Data entries:

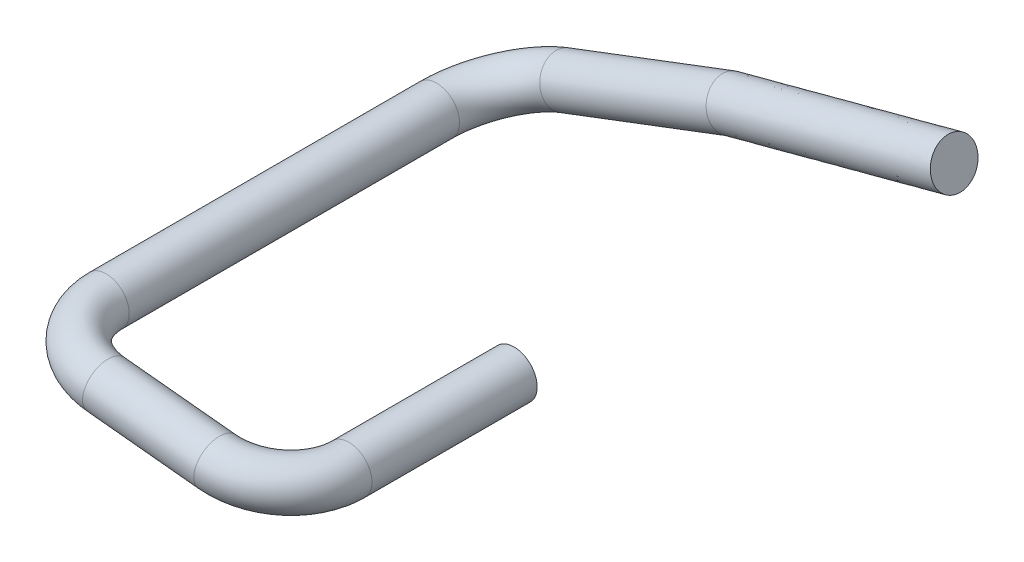
ISO-10303-21;
HEADER;
FILE_DESCRIPTION(('STEP AP214'),'2;1');
FILE_NAME('part.step','',(''),(''),'','','');
FILE_SCHEMA(('AUTOMOTIVE_DESIGN { 1 0 10303 214 1 1 1 1 }'));
ENDSEC;
DATA;
#1=APPLICATION_CONTEXT('core data for automotive mechanical design processes');
#2=APPLICATION_PROTOCOL_DEFINITION('international standard','automotive_design',2000,#1);
#3=PRODUCT_CONTEXT('',#1,'mechanical');
#4=PRODUCT('Part','Part','',(#3));
#5=PRODUCT_RELATED_PRODUCT_CATEGORY('part','',(#4));
#6=PRODUCT_DEFINITION_FORMATION('','',#4);
#7=PRODUCT_DEFINITION_CONTEXT('part definition',#1,'design');
#8=PRODUCT_DEFINITION('design','',#6,#7);
#9=PRODUCT_DEFINITION_SHAPE('','',#8);
#10=(LENGTH_UNIT() NAMED_UNIT(*) SI_UNIT(.MILLI.,.METRE.));
#11=(NAMED_UNIT(*) PLANE_ANGLE_UNIT() SI_UNIT($,.RADIAN.));
#12=(NAMED_UNIT(*) SI_UNIT($,.STERADIAN.) SOLID_ANGLE_UNIT());
#13=UNCERTAINTY_MEASURE_WITH_UNIT(LENGTH_MEASURE(1.E-05),#10,'distance_accuracy_value','');
#14=(GEOMETRIC_REPRESENTATION_CONTEXT(3) GLOBAL_UNCERTAINTY_ASSIGNED_CONTEXT((#13)) GLOBAL_UNIT_ASSIGNED_CONTEXT((#10,
#11,#12)) REPRESENTATION_CONTEXT('',''));
#15=CARTESIAN_POINT('',(0.,0.,0.));
#16=DIRECTION('',(0.,0.,1.));
#17=DIRECTION('',(1.,0.,0.));
#18=AXIS2_PLACEMENT_3D('',#15,#16,#17);
#19=CARTESIAN_POINT('',(6.5,0.,0.));
#20=DIRECTION('',(0.,0.,-1.));
#21=DIRECTION('',(-1.,0.,0.));
#22=AXIS2_PLACEMENT_3D('',#19,#20,#21);
#23=PLANE('',#22);
#24=CARTESIAN_POINT('',(6.5,0.,0.));
#25=DIRECTION('',(0.,0.,-1.));
#26=DIRECTION('',(0.,1.,0.));
#27=AXIS2_PLACEMENT_3D('',#24,#25,#26);
#28=CIRCLE('',#27,0.35);
#29=CARTESIAN_POINT('',(6.5,0.349999999999999,0.));
#30=VERTEX_POINT('',#29);
#31=EDGE_CURVE('E18',#30,#30,#28,.F.);
#32=ORIENTED_EDGE('',*,*,#31,.F.);
#33=EDGE_LOOP('',(#32));
#34=FACE_BOUND('',#33,.T.);
#35=ADVANCED_FACE('F15',(#34),#23,.T.);
#36=CARTESIAN_POINT('',(6.5,0.,2.5));
#37=DIRECTION('',(0.,0.,-1.));
#38=DIRECTION('',(0.,1.,0.));
#39=AXIS2_PLACEMENT_3D('',#36,#37,#38);
#40=CYLINDRICAL_SURFACE('',#39,0.35);
#41=CARTESIAN_POINT('',(6.5,0.,2.5));
#42=DIRECTION('',(0.,0.,-1.));
#43=DIRECTION('',(0.994914151503573,-0.100726516558078,0.));
#44=AXIS2_PLACEMENT_3D('',#41,#42,#43);
#45=CIRCLE('',#44,0.35);
#46=CARTESIAN_POINT('',(6.84821995302625,-0.0352542807953284,2.5));
#47=VERTEX_POINT('',#46);
#48=EDGE_CURVE('E58',#47,#47,#45,.F.);
#49=ORIENTED_EDGE('',*,*,#48,.F.);
#50=EDGE_LOOP('',(#49));
#51=FACE_BOUND('',#50,.T.);
#52=ORIENTED_EDGE('',*,*,#31,.T.);
#53=EDGE_LOOP('',(#52));
#54=FACE_BOUND('',#53,.T.);
#55=ADVANCED_FACE('F73',(#51,#54),#40,.T.);
#56=CARTESIAN_POINT('',(9.53167313141475,3.06935216086955,-3.50000000000001));
#57=DIRECTION('',(-0.966079467892424,-0.258244964552442,0.));
#58=DIRECTION('',(0.258244964552442,-0.966079467892424,0.));
#59=AXIS2_PLACEMENT_3D('',#56,#57,#58);
#60=PLANE('',#59);
#61=CARTESIAN_POINT('',(9.66076169643821,2.58643930940313,-3.15));
#62=CARTESIAN_POINT('',(9.66579720338818,2.56760176930539,-3.14999791451422));
#63=CARTESIAN_POINT('',(9.67082945589496,2.54877640389131,-3.15164861973238));
#64=CARTESIAN_POINT('',(9.68075865150334,2.5116318577176,-3.15820215186045));
#65=CARTESIAN_POINT('',(9.68565542420501,2.49331331441426,-3.16310889617471));
#66=CARTESIAN_POINT('',(9.69515938605322,2.4577595431293,-3.17602802954534));
#67=CARTESIAN_POINT('',(9.69976697098423,2.44052283454092,-3.18403606147579));
#68=CARTESIAN_POINT('',(9.708577195344,2.40756429505399,-3.20293836809555));
#69=CARTESIAN_POINT('',(9.71277926257943,2.39184460469759,-3.21383664204717));
#70=CARTESIAN_POINT('',(9.72065708811174,2.36237411526678,-3.23821120968002));
#71=CARTESIAN_POINT('',(9.72433236731732,2.34862510844519,-3.25168982438119));
#72=CARTESIAN_POINT('',(9.73105504360669,2.32347596548437,-3.28085385863624));
#73=CARTESIAN_POINT('',(9.73410154279563,2.31207918831782,-3.29654238090849));
#74=CARTESIAN_POINT('',(9.73948562562265,2.29193764603592,-3.3297241401582));
#75=CARTESIAN_POINT('',(9.74182071322194,2.28320221845725,-3.34722344924271));
#76=CARTESIAN_POINT('',(9.74570632433112,2.26866637215606,-3.38351159811163));
#77=CARTESIAN_POINT('',(9.74725572658146,2.26287014800062,-3.40230223761452));
#78=CARTESIAN_POINT('',(9.74952626736976,2.25437618630655,-3.44068240878773));
#79=CARTESIAN_POINT('',(9.75024475482607,2.25168836631098,-3.4602742921608));
#80=CARTESIAN_POINT('',(9.7508252828597,2.24951664453204,-3.49967521497899));
#81=CARTESIAN_POINT('',(9.75068610980258,2.25003728288488,-3.51948452253353));
#82=CARTESIAN_POINT('',(9.74955177985591,2.2542807455723,-3.55875041429241));
#83=CARTESIAN_POINT('',(9.74855585022945,2.25800646067096,-3.57820666388163));
#84=CARTESIAN_POINT('',(9.74573235736935,2.26856898406655,-3.61622221705729));
#85=CARTESIAN_POINT('',(9.74390363222358,2.27541013900954,-3.63478022727051));
#86=CARTESIAN_POINT('',(9.73947029877668,2.29199498287975,-3.67039560466865));
#87=CARTESIAN_POINT('',(9.73686755759817,2.30173168700931,-3.68745645655268));
#88=CARTESIAN_POINT('',(9.73095291316165,2.32385802956901,-3.71965954156408));
#89=CARTESIAN_POINT('',(9.72764003504181,2.33625131490082,-3.73479909121704));
#90=CARTESIAN_POINT('',(9.72041991020155,2.36326138410349,-3.76261732943667));
#91=CARTESIAN_POINT('',(9.71651588567207,2.37786611394445,-3.77530855844652));
#92=CARTESIAN_POINT('',(9.70820508392003,2.40895634235717,-3.79797552778187));
#93=CARTESIAN_POINT('',(9.70379762183473,2.42544440296082,-3.80794750495601));
#94=CARTESIAN_POINT('',(9.69464062274781,2.45970020663432,-3.82480301232005));
#95=CARTESIAN_POINT('',(9.68989352229551,2.4774588347142,-3.83170639480795));
#96=CARTESIAN_POINT('',(9.68015869907059,2.51387624504961,-3.84232671879145));
#97=CARTESIAN_POINT('',(9.67517059392555,2.53253645773822,-3.84603840854675));
#98=CARTESIAN_POINT('',(9.66512427396176,2.57011915934758,-3.85013798230738));
#99=CARTESIAN_POINT('',(9.66006641771977,2.58904030685343,-3.85053905206071));
#100=CARTESIAN_POINT('',(9.65001379160875,2.62664659939464,-3.84804246805131));
#101=CARTESIAN_POINT('',(9.64501893062779,2.64533208527448,-3.84515031230122));
#102=CARTESIAN_POINT('',(9.63522375326206,2.681975276958,-3.8361591942369));
#103=CARTESIAN_POINT('',(9.63042350513207,2.6999327274245,-3.83005911713987));
#104=CARTESIAN_POINT('',(9.62116151072463,2.73458131251603,-3.81483995978501));
#105=CARTESIAN_POINT('',(9.61669930869625,2.75127415207896,-3.80572503646304));
#106=CARTESIAN_POINT('',(9.60821596127665,2.78300986384892,-3.78469982572047));
#107=CARTESIAN_POINT('',(9.60419642287994,2.79804672438244,-3.77277981625736));
#108=CARTESIAN_POINT('',(9.59673386299468,2.82596372905884,-3.74652325340762));
#109=CARTESIAN_POINT('',(9.59329007054916,2.83884675730709,-3.73218998401346));
#110=CARTESIAN_POINT('',(9.58704881253152,2.86219494237282,-3.7014120221235));
#111=CARTESIAN_POINT('',(9.58425527118697,2.87264541888205,-3.68495539656457));
#112=CARTESIAN_POINT('',(9.5794211422435,2.8907296155111,-3.65048969385263));
#113=CARTESIAN_POINT('',(9.57737954125889,2.8983671266482,-3.63248274676345));
#114=CARTESIAN_POINT('',(9.57408922245147,2.91067601889775,-3.59528619564929));
#115=CARTESIAN_POINT('',(9.57284558643152,2.91532838927983,-3.57608984903491));
#116=CARTESIAN_POINT('',(9.5712070231959,2.92145815952149,-3.5371890817355));
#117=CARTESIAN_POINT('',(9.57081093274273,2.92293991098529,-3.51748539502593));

EXERCISE PROMPT
All lines from the beginning of the entries above to the line containing "#30=VERTEX_POINT('',#29);", inclusive, should be printed exactly, apart from the pictures.

EXERCISE RESULT
ISO-10303-21;
HEADER;
FILE_DESCRIPTION(('STEP AP214'),'2;1');
FILE_NAME('part.step','',(''),(''),'','','');
FILE_SCHEMA(('AUTOMOTIVE_DESIGN { 1 0 10303 214 1 1 1 1 }'));
ENDSEC;
DATA;
#1=APPLICATION_CONTEXT('core data for automotive mechanical design processes');
#2=APPLICATION_PROTOCOL_DEFINITION('international standard','automotive_design',2000,#1);
#3=PRODUCT_CONTEXT('',#1,'mechanical');
#4=PRODUCT('Part','Part','',(#3));
#5=PRODUCT_RELATED_PRODUCT_CATEGORY('part','',(#4));
#6=PRODUCT_DEFINITION_FORMATION('','',#4);
#7=PRODUCT_DEFINITION_CONTEXT('part definition',#1,'design');
#8=PRODUCT_DEFINITION('design','',#6,#7);
#9=PRODUCT_DEFINITION_SHAPE('','',#8);
#10=(LENGTH_UNIT() NAMED_UNIT(*) SI_UNIT(.MILLI.,.METRE.));
#11=(NAMED_UNIT(*) PLANE_ANGLE_UNIT() SI_UNIT($,.RADIAN.));
#12=(NAMED_UNIT(*) SI_UNIT($,.STERADIAN.) SOLID_ANGLE_UNIT());
#13=UNCERTAINTY_MEASURE_WITH_UNIT(LENGTH_MEASURE(1.E-05),#10,'distance_accuracy_value','');
#14=(GEOMETRIC_REPRESENTATION_CONTEXT(3) GLOBAL_UNCERTAINTY_ASSIGNED_CONTEXT((#13)) GLOBAL_UNIT_ASSIGNED_CONTEXT((#10,
#11,#12)) REPRESENTATION_CONTEXT('',''));
#15=CARTESIAN_POINT('',(0.,0.,0.));
#16=DIRECTION('',(0.,0.,1.));
#17=DIRECTION('',(1.,0.,0.));
#18=AXIS2_PLACEMENT_3D('',#15,#16,#17);
#19=CARTESIAN_POINT('',(6.5,0.,0.));
#20=DIRECTION('',(0.,0.,-1.));
#21=DIRECTION('',(-1.,0.,0.));
#22=AXIS2_PLACEMENT_3D('',#19,#20,#21);
#23=PLANE('',#22);
#24=CARTESIAN_POINT('',(6.5,0.,0.));
#25=DIRECTION('',(0.,0.,-1.));
#26=DIRECTION('',(0.,1.,0.));
#27=AXIS2_PLACEMENT_3D('',#24,#25,#26);
#28=CIRCLE('',#27,0.35);
#29=CARTESIAN_POINT('',(6.5,0.349999999999999,0.));
#30=VERTEX_POINT('',#29);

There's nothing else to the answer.